Reconstructing topological properties of complex networks using the fitness model

TL;DR

This paper introduces a method to reconstruct key topological features of complex networks using limited node information and an intrinsic fitness property, enabling analysis of privacy-restricted systems.

Contribution

The novel approach uses node fitness and partial connection data to generate representative network ensembles for estimating topological properties.

Findings

Robust reconstruction of network density, assortativity, and clustering.

Effective on both synthetic and real economic networks.

Maintains accuracy with limited calibration data.

Abstract

A major problem in the study of complex socioeconomic systems is represented by privacy issues$-$that can put severe limitations on the amount of accessible information, forcing to build models on the basis of incomplete knowledge.
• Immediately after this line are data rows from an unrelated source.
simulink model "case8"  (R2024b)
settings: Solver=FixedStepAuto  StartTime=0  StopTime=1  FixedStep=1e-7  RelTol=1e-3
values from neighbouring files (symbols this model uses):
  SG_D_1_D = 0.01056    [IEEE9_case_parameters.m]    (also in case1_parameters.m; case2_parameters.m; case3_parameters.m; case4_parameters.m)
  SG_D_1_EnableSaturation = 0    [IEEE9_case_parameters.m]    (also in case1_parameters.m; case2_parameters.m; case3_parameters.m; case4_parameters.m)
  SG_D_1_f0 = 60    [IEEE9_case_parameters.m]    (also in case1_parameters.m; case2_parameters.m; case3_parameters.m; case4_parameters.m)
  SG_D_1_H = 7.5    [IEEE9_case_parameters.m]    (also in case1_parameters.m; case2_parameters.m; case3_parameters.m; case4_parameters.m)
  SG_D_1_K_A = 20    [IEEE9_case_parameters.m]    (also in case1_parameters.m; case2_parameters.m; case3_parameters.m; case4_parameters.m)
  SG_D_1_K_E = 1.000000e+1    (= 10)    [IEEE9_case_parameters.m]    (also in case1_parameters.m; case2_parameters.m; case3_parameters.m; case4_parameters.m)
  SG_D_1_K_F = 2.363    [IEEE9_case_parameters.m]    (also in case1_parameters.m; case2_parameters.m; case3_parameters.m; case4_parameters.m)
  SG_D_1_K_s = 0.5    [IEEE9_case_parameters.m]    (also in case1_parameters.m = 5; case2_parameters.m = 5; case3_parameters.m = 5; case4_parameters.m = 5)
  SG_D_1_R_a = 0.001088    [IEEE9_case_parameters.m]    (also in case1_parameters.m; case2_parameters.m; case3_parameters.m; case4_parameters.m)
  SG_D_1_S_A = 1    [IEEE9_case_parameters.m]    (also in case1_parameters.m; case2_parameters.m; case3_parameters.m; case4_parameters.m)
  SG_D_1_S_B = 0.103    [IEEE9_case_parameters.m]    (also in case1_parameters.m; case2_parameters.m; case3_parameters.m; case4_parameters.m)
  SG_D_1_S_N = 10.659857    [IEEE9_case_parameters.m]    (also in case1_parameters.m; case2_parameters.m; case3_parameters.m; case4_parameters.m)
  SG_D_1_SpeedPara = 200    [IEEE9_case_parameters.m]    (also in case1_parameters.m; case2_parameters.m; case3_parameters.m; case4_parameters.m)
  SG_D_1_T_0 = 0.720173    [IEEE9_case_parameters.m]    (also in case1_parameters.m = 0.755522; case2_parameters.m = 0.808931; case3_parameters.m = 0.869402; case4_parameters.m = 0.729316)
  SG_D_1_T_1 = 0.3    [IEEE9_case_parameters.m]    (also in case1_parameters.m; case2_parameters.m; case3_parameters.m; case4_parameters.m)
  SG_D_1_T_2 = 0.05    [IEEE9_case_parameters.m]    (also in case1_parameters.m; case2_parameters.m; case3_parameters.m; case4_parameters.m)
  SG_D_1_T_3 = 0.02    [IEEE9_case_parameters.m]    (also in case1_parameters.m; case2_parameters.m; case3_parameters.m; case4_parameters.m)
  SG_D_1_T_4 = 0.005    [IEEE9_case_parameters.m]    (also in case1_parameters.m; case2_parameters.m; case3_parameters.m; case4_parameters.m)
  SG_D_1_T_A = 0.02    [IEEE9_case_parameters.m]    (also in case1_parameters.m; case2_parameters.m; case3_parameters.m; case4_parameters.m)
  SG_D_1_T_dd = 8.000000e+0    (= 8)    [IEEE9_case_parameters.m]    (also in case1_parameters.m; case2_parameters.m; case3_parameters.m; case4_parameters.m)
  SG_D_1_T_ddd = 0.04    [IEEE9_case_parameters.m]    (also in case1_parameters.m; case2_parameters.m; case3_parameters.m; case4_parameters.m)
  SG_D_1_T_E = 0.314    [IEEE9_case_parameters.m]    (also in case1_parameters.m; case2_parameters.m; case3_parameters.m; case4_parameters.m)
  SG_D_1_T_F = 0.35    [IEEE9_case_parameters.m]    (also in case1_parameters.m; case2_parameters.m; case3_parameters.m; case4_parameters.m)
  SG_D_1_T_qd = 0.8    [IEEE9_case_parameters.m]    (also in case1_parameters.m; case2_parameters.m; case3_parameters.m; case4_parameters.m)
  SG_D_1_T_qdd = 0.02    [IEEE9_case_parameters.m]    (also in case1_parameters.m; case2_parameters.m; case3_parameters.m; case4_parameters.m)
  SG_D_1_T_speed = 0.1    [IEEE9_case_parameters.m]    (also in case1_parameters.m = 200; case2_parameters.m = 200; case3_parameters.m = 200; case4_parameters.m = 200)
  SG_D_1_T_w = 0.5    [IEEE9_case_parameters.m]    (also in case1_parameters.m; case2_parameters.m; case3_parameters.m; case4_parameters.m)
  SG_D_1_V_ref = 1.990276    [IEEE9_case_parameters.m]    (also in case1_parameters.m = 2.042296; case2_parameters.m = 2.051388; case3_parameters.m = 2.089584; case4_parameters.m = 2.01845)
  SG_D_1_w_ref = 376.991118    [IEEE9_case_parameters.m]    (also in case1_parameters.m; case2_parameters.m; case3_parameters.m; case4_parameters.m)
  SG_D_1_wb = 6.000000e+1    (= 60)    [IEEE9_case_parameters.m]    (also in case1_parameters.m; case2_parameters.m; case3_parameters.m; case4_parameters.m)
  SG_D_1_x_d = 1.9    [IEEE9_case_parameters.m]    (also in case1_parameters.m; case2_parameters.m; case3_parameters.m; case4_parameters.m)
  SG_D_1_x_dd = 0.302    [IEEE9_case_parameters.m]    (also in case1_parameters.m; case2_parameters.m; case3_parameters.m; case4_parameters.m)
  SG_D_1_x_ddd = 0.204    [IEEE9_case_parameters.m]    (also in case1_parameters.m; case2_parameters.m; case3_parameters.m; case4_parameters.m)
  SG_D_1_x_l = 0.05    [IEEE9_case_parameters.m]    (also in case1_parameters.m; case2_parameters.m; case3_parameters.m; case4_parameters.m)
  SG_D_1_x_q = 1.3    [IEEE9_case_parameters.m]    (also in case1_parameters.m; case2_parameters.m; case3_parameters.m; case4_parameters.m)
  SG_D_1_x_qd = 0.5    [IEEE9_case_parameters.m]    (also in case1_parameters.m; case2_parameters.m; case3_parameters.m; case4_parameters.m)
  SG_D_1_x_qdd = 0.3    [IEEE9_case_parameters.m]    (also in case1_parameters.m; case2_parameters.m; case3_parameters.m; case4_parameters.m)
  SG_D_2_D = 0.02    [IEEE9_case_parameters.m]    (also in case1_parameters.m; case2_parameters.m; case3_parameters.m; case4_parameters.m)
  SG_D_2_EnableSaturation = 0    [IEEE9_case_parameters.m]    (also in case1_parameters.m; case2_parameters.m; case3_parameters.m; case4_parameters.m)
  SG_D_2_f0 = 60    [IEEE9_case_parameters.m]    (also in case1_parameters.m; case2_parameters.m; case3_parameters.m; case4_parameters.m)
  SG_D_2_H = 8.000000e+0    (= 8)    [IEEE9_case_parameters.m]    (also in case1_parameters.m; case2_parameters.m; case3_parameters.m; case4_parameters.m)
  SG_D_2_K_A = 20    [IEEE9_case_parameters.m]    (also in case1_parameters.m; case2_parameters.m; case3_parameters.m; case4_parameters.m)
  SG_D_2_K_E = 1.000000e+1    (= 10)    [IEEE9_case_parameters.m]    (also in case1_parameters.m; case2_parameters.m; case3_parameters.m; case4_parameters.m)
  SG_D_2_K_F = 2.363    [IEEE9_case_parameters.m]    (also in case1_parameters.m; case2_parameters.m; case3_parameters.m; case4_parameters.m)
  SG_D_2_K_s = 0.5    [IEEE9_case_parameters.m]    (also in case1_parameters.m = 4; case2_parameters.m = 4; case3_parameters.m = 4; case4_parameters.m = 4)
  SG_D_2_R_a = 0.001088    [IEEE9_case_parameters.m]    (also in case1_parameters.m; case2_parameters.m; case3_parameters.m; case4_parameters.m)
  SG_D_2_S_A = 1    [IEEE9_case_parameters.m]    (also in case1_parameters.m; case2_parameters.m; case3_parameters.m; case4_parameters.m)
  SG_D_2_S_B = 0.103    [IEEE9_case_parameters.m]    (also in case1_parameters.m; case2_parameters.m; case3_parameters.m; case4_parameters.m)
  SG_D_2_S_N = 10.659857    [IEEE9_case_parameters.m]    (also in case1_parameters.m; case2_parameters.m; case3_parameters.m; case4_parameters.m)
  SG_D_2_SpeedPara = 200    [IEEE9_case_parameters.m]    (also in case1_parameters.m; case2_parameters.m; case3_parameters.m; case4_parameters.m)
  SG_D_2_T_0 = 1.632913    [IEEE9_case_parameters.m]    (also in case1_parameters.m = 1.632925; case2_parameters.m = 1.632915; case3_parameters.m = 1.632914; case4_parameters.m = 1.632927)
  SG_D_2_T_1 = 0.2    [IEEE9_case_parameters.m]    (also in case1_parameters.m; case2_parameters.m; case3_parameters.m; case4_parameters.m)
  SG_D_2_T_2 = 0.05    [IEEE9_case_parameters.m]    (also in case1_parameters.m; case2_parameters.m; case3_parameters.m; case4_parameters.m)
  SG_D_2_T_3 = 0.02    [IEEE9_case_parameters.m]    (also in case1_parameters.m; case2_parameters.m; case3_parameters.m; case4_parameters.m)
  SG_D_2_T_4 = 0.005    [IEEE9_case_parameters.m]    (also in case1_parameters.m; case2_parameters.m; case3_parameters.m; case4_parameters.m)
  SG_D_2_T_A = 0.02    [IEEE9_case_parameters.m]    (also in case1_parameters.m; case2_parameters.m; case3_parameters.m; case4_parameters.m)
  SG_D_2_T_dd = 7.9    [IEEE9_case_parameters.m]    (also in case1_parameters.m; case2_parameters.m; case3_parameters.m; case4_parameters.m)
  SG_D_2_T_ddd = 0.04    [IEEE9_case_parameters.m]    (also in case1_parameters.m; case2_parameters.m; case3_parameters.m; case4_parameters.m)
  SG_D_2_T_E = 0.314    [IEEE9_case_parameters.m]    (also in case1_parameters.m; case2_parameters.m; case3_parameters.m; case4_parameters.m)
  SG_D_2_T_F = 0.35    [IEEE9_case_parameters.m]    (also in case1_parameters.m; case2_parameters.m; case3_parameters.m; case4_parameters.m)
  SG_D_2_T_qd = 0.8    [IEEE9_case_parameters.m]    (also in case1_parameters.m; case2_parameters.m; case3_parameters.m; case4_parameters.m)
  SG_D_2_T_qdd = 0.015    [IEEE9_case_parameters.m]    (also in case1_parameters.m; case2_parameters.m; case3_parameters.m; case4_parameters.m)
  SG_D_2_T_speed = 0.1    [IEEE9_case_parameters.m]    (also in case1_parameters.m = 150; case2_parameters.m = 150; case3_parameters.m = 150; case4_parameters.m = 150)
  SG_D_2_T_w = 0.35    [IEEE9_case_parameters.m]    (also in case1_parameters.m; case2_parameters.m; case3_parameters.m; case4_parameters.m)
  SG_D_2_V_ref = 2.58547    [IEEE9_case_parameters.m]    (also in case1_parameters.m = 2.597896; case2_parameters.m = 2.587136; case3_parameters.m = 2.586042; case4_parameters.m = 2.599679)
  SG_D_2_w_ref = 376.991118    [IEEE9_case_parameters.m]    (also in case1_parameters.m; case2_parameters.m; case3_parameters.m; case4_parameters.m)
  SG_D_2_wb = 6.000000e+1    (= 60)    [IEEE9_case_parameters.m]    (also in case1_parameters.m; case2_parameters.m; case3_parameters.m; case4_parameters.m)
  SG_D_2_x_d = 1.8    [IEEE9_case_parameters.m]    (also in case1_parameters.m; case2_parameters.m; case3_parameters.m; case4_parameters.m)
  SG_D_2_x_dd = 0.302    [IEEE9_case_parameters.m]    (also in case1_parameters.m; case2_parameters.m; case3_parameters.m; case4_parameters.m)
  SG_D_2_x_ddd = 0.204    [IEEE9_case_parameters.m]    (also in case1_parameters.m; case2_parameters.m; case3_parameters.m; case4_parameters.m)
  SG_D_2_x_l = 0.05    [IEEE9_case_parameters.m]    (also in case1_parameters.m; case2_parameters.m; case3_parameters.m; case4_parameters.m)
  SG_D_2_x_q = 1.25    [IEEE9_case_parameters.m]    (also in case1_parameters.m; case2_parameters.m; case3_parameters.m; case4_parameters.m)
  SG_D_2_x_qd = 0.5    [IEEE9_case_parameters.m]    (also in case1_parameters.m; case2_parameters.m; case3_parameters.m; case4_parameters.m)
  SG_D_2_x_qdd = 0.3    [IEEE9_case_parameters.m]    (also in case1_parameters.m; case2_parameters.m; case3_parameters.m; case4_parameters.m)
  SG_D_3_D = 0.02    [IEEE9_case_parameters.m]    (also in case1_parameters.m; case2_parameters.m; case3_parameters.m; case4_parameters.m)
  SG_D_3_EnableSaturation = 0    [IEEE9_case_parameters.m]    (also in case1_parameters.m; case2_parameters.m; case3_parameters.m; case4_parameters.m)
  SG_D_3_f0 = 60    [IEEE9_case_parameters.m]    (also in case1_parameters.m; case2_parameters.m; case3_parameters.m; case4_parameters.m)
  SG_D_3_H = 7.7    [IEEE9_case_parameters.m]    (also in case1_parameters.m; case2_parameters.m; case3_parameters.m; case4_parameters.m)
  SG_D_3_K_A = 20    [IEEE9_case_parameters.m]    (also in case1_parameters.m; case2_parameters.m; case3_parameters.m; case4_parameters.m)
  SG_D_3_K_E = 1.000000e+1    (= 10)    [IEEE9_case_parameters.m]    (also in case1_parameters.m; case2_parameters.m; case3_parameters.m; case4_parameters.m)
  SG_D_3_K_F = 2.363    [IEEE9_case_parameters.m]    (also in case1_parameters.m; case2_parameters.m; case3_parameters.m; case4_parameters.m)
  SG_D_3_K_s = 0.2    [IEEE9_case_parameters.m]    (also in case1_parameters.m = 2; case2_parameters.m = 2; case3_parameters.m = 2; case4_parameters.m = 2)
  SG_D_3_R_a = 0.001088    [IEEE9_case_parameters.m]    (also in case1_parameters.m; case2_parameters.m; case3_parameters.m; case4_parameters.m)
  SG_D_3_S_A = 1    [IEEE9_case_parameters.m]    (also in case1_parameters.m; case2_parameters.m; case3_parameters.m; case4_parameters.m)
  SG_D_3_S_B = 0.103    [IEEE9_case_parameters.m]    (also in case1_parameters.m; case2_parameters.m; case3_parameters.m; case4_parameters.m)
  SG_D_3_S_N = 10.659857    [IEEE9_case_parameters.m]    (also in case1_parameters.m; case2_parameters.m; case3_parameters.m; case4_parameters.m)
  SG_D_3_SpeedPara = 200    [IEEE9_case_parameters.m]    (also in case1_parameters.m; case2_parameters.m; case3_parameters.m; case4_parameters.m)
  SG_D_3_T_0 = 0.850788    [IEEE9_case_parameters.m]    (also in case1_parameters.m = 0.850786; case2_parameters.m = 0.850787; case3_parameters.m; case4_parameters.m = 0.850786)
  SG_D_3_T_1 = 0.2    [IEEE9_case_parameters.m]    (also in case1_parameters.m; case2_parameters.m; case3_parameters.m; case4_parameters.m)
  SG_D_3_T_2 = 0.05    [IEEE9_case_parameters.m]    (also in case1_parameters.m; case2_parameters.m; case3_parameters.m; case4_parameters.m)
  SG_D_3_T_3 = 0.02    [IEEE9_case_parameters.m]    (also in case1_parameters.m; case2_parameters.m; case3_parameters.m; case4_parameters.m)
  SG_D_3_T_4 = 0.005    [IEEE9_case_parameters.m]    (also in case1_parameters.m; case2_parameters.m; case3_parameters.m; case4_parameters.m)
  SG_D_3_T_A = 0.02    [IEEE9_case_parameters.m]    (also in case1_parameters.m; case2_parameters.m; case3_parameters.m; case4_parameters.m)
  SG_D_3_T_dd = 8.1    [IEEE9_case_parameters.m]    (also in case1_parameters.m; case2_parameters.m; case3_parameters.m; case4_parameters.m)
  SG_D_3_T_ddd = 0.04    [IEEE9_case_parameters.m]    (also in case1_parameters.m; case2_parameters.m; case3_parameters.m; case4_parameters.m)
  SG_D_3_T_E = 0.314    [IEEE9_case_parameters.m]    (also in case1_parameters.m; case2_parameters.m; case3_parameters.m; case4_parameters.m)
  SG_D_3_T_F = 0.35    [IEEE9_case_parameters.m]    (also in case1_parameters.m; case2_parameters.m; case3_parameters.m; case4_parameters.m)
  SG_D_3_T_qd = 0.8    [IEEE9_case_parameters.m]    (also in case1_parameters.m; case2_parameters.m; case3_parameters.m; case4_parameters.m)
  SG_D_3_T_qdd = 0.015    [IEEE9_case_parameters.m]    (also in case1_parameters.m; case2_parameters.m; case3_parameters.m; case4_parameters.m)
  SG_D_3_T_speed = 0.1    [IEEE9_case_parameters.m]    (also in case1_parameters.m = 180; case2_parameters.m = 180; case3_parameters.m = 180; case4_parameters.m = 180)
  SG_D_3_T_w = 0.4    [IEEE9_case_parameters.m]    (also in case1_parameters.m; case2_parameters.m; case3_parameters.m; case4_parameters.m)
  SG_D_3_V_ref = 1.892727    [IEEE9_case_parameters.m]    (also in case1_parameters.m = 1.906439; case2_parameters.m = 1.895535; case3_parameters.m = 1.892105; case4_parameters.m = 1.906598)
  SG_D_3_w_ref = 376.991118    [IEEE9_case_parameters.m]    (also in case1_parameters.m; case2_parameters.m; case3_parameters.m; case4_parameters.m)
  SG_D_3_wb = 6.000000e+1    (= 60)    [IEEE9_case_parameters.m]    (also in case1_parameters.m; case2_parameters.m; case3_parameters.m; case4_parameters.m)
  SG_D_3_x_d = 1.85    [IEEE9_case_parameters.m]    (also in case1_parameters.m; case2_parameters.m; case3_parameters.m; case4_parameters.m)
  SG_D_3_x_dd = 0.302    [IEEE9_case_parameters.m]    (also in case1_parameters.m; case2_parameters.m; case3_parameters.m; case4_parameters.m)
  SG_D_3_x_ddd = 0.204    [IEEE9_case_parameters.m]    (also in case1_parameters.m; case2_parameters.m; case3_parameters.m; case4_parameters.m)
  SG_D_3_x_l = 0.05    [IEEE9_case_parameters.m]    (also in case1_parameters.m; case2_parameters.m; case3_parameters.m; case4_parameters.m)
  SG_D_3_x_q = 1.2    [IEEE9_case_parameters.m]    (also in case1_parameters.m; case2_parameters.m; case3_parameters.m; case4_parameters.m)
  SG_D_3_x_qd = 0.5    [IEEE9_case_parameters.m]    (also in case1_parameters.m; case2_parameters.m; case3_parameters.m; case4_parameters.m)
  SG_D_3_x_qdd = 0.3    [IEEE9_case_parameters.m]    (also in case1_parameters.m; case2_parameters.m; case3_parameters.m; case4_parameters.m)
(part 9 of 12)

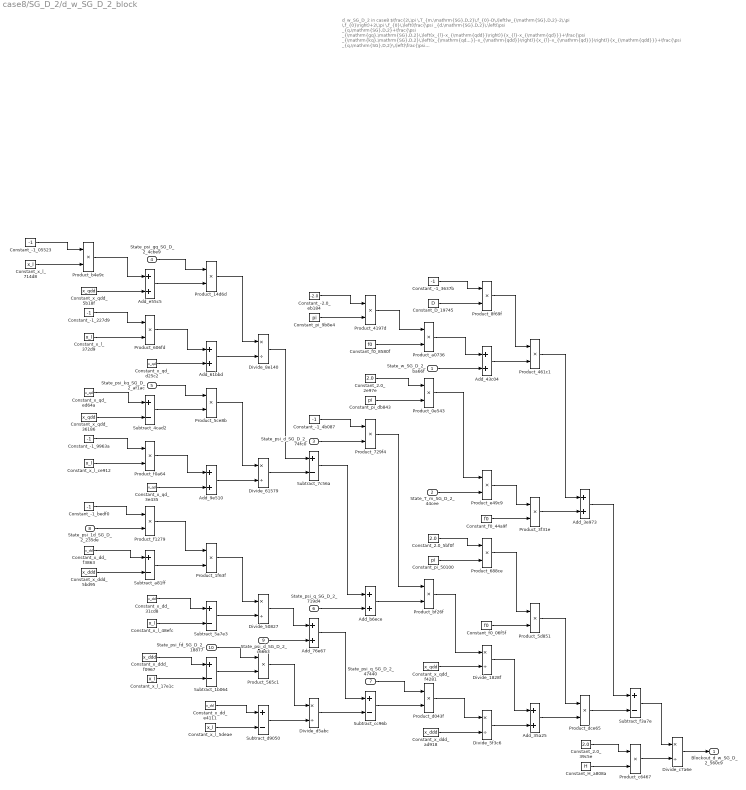
== system case8/SG_D_2/d_w_SG_D_2_block ==
  note: d_w_SG_D_2 in case8
      | $\frac{2\,\pi \,T_{m,\mathrm{SG},D,2}\,f_{0}-D\,\left(w_{\mathrm{SG},D,2}-2\,\pi \,f_{0}\right)+2\,\pi \,f_{0}\,\left(\frac{\psi _{d,\mathrm{SG},D,2}\,\left(\psi _{q,\mathrm{SG},D,2}+\frac{\psi _{\mathrm{gq},\mathrm{SG},D,2}\,\left(x_{l}-x_{\mathrm{qdd}}\right)}{x_{l}-x_{\mathrm{qd}}}+\frac{\psi _{\mathrm{kq},\mathrm{SG},D,2}\,\left(x_{\mathrm{qd}}-x_{\mathrm{qdd}}\right)}{x_{l}-x_{\mathrm{qd}}}\right)}{x_{\mathrm{qdd}}}+\frac{\psi _{q,\mathrm{SG},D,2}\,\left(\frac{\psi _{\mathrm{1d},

In this paper we investigate a novel method to reconstruct global topological properties of a complex network starting from limited information. This method uses the knowledge of an intrinsic property of the nodes (indicated as fitness), and the number of connections of only a limited subset of nodes, in order to generate an ensemble of exponential random graphs that are representative of the real systems and that can be used to estimate its topological properties. Here we focus in particular on reconstructing the most basic properties that are commonly used to describe a network: density of links, assortativity, clustering. We test the method on both benchmark synthetic networks and real economic and financial systems, finding a remarkable robustness with respect to the number of nodes used for calibration. The method thus represents a valuable tool for gaining insights on privacy-protected systems.